:: Material for this exercise ::
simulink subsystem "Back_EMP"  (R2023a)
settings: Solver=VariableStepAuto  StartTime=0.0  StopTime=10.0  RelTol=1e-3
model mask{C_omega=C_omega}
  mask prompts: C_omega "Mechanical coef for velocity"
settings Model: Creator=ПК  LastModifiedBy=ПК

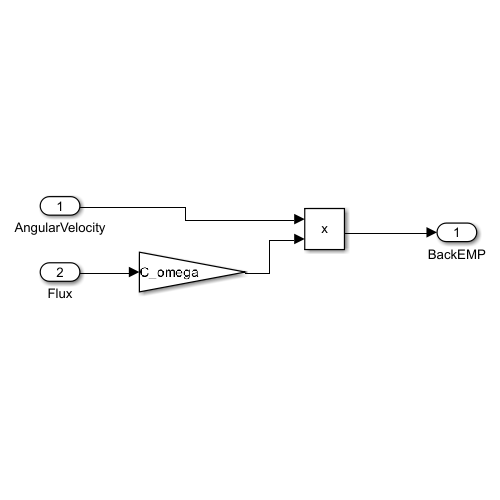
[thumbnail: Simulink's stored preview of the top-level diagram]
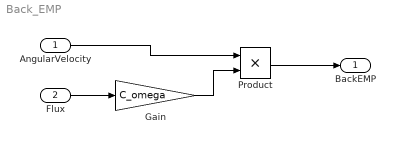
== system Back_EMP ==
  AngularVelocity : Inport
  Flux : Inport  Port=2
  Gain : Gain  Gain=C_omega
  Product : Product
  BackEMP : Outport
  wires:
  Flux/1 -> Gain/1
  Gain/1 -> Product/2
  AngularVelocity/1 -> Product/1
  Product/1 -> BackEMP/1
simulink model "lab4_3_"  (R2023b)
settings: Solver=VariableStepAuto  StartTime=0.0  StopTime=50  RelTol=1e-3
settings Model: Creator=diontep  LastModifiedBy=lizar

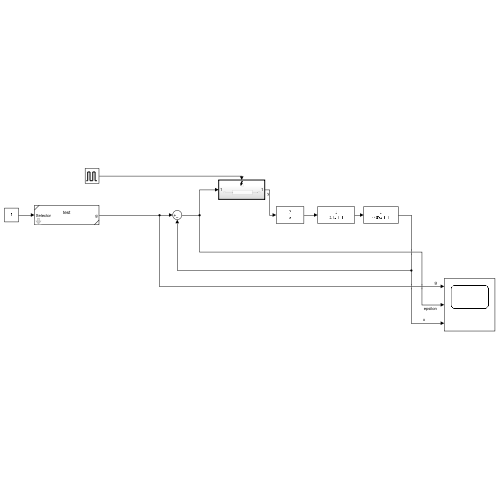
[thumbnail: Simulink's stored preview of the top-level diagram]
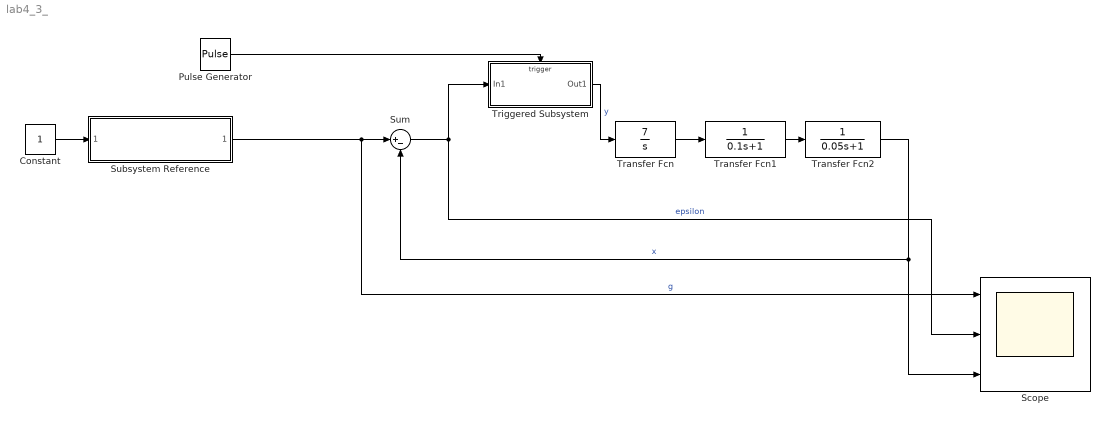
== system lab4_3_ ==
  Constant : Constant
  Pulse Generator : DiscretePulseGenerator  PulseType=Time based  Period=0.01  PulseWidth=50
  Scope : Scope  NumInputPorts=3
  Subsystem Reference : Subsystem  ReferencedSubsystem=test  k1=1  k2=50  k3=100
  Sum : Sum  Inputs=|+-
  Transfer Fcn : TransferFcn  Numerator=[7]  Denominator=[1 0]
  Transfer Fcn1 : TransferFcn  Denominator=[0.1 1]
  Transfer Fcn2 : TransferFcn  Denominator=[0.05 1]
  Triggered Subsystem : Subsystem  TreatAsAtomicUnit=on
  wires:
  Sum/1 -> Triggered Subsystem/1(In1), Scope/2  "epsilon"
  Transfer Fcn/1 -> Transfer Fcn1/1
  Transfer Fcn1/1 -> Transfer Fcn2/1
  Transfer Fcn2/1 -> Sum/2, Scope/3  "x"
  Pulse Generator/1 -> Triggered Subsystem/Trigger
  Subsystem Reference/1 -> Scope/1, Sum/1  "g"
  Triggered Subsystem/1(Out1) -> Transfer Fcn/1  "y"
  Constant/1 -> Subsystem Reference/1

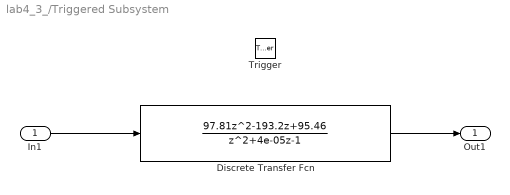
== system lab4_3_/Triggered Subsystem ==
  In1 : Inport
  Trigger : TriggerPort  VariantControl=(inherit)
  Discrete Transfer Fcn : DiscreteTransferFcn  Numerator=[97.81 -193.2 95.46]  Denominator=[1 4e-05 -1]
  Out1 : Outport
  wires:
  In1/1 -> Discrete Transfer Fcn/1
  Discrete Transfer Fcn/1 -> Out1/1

:: Work to be completed ::
Give back every entry in full, exactly as written, with no picture included.

:: Reply ::
simulink subsystem "Back_EMP"  (R2023a)
settings: Solver=VariableStepAuto  StartTime=0.0  StopTime=10.0  RelTol=1e-3
model mask{C_omega=C_omega}
  mask prompts: C_omega "Mechanical coef for velocity"
settings Model: Creator=ПК  LastModifiedBy=ПК

[thumbnail: Simulink's stored preview of the top-level diagram]
== system Back_EMP ==
  AngularVelocity : Inport
  Flux : Inport  Port=2
  Gain : Gain  Gain=C_omega
  Product : Product
  BackEMP : Outport
  wires:
  Flux/1 -> Gain/1
  Gain/1 -> Product/2
  AngularVelocity/1 -> Product/1
  Product/1 -> BackEMP/1
simulink model "lab4_3_"  (R2023b)
settings: Solver=VariableStepAuto  StartTime=0.0  StopTime=50  RelTol=1e-3
settings Model: Creator=diontep  LastModifiedBy=lizar

[thumbnail: Simulink's stored preview of the top-level diagram]
== system lab4_3_ ==
  Constant : Constant
  Pulse Generator : DiscretePulseGenerator  PulseType=Time based  Period=0.01  PulseWidth=50
  Scope : Scope  NumInputPorts=3
  Subsystem Reference : Subsystem  ReferencedSubsystem=test  k1=1  k2=50  k3=100
  Sum : Sum  Inputs=|+-
  Transfer Fcn : TransferFcn  Numerator=[7]  Denominator=[1 0]
  Transfer Fcn1 : TransferFcn  Denominator=[0.1 1]
  Transfer Fcn2 : TransferFcn  Denominator=[0.05 1]
  Triggered Subsystem : Subsystem  TreatAsAtomicUnit=on
  wires:
  Sum/1 -> Triggered Subsystem/1(In1), Scope/2  "epsilon"
  Transfer Fcn/1 -> Transfer Fcn1/1
  Transfer Fcn1/1 -> Transfer Fcn2/1
  Transfer Fcn2/1 -> Sum/2, Scope/3  "x"
  Pulse Generator/1 -> Triggered Subsystem/Trigger
  Subsystem Reference/1 -> Scope/1, Sum/1  "g"
  Triggered Subsystem/1(Out1) -> Transfer Fcn/1  "y"
  Constant/1 -> Subsystem Reference/1

== system lab4_3_/Triggered Subsystem ==
  In1 : Inport
  Trigger : TriggerPort  VariantControl=(inherit)
  Discrete Transfer Fcn : DiscreteTransferFcn  Numerator=[97.81 -193.2 95.46]  Denominator=[1 4e-05 -1]
  Out1 : Outport
  wires:
  In1/1 -> Discrete Transfer Fcn/1
  Discrete Transfer Fcn/1 -> Out1/1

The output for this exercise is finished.